Set out the listing word for word. End with the line that contains "settings DataIOCC: SignalLoggingSaveFormat=Dataset".
─── DATA FOR REVIEW ───
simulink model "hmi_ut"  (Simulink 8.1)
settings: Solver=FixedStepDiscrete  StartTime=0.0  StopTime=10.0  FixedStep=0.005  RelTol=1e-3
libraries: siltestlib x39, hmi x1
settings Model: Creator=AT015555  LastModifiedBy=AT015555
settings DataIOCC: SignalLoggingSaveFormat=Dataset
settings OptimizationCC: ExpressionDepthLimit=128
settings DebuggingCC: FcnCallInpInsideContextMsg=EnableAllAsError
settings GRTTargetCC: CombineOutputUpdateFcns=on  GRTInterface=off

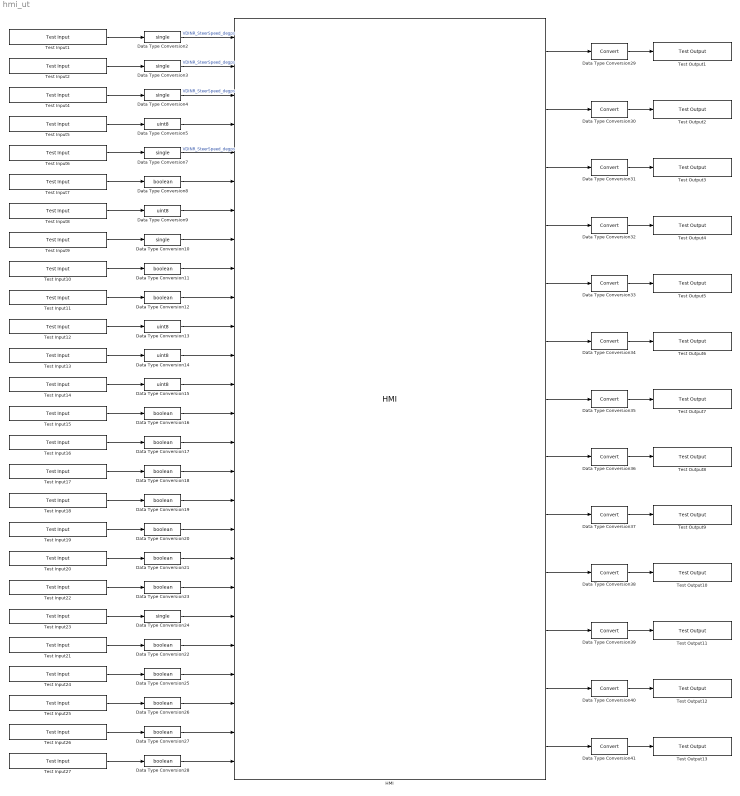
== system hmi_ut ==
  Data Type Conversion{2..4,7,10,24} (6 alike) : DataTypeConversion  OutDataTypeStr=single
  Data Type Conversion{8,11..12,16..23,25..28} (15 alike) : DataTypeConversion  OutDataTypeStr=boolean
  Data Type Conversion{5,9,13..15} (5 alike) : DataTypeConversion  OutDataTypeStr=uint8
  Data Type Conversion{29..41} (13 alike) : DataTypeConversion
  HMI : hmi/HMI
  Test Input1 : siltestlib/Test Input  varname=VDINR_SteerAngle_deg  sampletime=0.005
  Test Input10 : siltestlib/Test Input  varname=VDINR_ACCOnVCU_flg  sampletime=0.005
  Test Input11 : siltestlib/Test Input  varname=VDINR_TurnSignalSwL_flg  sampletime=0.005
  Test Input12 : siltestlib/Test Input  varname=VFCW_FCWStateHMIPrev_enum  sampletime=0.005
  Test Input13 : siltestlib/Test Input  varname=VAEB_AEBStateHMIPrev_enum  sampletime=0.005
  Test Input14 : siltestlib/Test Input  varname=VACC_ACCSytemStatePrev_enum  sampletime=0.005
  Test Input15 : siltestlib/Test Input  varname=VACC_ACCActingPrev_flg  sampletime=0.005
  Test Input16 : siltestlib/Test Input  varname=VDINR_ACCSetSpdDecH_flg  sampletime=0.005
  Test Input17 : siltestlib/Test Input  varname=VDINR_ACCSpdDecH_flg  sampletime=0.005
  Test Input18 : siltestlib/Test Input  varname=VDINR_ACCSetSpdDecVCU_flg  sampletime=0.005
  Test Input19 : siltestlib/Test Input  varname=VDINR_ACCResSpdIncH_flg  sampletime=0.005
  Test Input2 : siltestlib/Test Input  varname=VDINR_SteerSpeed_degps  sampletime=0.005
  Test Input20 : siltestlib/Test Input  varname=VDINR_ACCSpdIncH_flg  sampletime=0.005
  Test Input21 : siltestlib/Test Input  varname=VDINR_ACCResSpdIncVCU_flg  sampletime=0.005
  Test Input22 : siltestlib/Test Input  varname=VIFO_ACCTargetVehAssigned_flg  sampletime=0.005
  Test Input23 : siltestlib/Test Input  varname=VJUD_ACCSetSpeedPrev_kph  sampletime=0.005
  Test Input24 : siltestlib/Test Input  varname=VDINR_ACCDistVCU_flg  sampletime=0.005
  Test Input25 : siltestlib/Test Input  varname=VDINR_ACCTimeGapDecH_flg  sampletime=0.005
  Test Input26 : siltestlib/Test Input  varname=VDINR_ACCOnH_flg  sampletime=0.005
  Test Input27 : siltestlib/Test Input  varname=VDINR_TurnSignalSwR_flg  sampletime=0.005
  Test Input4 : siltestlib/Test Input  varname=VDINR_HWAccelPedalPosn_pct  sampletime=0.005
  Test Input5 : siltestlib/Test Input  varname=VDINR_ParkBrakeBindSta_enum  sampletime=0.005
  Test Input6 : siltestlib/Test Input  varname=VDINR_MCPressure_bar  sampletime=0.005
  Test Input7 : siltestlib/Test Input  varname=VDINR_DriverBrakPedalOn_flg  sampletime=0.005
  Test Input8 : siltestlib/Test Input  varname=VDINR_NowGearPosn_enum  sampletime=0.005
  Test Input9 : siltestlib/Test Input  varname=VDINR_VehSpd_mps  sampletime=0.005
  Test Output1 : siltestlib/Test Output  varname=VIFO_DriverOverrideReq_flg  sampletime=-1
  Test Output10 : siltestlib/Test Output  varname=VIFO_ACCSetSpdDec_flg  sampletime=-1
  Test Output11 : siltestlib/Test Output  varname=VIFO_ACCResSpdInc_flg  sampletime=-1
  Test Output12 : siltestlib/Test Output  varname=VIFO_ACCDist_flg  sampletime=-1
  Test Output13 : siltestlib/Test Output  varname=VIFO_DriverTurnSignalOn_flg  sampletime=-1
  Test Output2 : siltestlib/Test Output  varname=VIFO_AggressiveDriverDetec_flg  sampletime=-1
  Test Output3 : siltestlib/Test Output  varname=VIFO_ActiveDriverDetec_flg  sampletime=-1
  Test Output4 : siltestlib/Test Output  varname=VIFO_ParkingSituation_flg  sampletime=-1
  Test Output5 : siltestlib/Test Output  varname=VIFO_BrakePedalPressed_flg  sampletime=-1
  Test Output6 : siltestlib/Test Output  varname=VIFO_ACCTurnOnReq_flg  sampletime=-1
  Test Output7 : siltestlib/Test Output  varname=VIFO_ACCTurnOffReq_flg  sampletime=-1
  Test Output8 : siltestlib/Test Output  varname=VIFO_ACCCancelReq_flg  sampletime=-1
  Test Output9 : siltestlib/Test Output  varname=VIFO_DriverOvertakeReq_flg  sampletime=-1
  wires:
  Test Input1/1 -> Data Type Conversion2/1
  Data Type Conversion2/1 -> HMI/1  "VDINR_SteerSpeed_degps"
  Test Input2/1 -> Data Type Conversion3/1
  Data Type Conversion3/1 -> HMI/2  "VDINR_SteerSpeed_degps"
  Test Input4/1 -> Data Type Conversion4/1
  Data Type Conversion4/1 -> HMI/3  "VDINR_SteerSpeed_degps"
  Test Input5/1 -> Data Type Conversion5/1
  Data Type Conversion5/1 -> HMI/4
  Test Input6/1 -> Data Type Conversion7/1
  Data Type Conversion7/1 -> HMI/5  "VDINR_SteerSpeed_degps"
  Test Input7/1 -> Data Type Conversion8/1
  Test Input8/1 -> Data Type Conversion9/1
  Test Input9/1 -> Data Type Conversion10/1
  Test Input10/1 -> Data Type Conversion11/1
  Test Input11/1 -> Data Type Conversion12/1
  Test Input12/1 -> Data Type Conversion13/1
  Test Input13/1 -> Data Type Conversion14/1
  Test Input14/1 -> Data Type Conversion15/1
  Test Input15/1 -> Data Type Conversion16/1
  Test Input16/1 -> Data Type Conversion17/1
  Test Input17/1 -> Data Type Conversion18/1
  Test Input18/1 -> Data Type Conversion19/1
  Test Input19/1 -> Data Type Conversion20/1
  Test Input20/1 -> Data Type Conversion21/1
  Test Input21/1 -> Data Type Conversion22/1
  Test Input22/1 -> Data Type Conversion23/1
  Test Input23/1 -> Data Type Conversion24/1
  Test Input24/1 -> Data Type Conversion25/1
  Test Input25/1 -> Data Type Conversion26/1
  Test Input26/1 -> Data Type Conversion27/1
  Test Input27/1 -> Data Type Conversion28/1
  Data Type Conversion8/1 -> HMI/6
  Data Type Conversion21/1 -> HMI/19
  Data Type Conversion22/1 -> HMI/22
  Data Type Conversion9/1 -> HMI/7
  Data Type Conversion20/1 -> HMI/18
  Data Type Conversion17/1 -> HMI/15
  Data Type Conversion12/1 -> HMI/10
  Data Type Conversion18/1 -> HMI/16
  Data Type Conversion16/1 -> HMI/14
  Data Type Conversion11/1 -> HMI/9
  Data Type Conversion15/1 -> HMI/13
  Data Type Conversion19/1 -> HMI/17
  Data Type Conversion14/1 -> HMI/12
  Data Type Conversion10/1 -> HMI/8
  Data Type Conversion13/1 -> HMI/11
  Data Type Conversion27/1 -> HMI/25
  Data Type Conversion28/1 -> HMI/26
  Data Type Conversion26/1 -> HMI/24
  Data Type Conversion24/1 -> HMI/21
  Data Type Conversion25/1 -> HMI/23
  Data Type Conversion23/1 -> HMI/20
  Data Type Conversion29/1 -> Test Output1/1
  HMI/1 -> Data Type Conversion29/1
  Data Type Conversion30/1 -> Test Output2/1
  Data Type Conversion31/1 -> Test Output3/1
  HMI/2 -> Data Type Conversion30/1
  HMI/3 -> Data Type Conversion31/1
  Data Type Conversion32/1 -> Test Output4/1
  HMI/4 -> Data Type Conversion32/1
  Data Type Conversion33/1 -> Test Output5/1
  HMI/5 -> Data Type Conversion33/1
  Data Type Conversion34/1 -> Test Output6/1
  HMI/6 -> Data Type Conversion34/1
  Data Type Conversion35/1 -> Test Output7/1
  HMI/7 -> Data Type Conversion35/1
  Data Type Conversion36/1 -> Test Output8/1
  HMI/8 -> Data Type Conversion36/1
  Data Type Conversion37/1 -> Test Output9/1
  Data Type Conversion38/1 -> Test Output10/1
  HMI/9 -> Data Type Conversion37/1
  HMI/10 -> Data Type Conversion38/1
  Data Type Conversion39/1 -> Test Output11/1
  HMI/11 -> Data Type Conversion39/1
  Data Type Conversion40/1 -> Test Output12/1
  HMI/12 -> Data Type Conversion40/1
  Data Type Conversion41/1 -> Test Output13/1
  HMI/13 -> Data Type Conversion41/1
───
### ANSWER TO THE EXERCISE
simulink model "hmi_ut"  (Simulink 8.1)
settings: Solver=FixedStepDiscrete  StartTime=0.0  StopTime=10.0  FixedStep=0.005  RelTol=1e-3
libraries: siltestlib x39, hmi x1
settings Model: Creator=AT015555  LastModifiedBy=AT015555
settings DataIOCC: SignalLoggingSaveFormat=Dataset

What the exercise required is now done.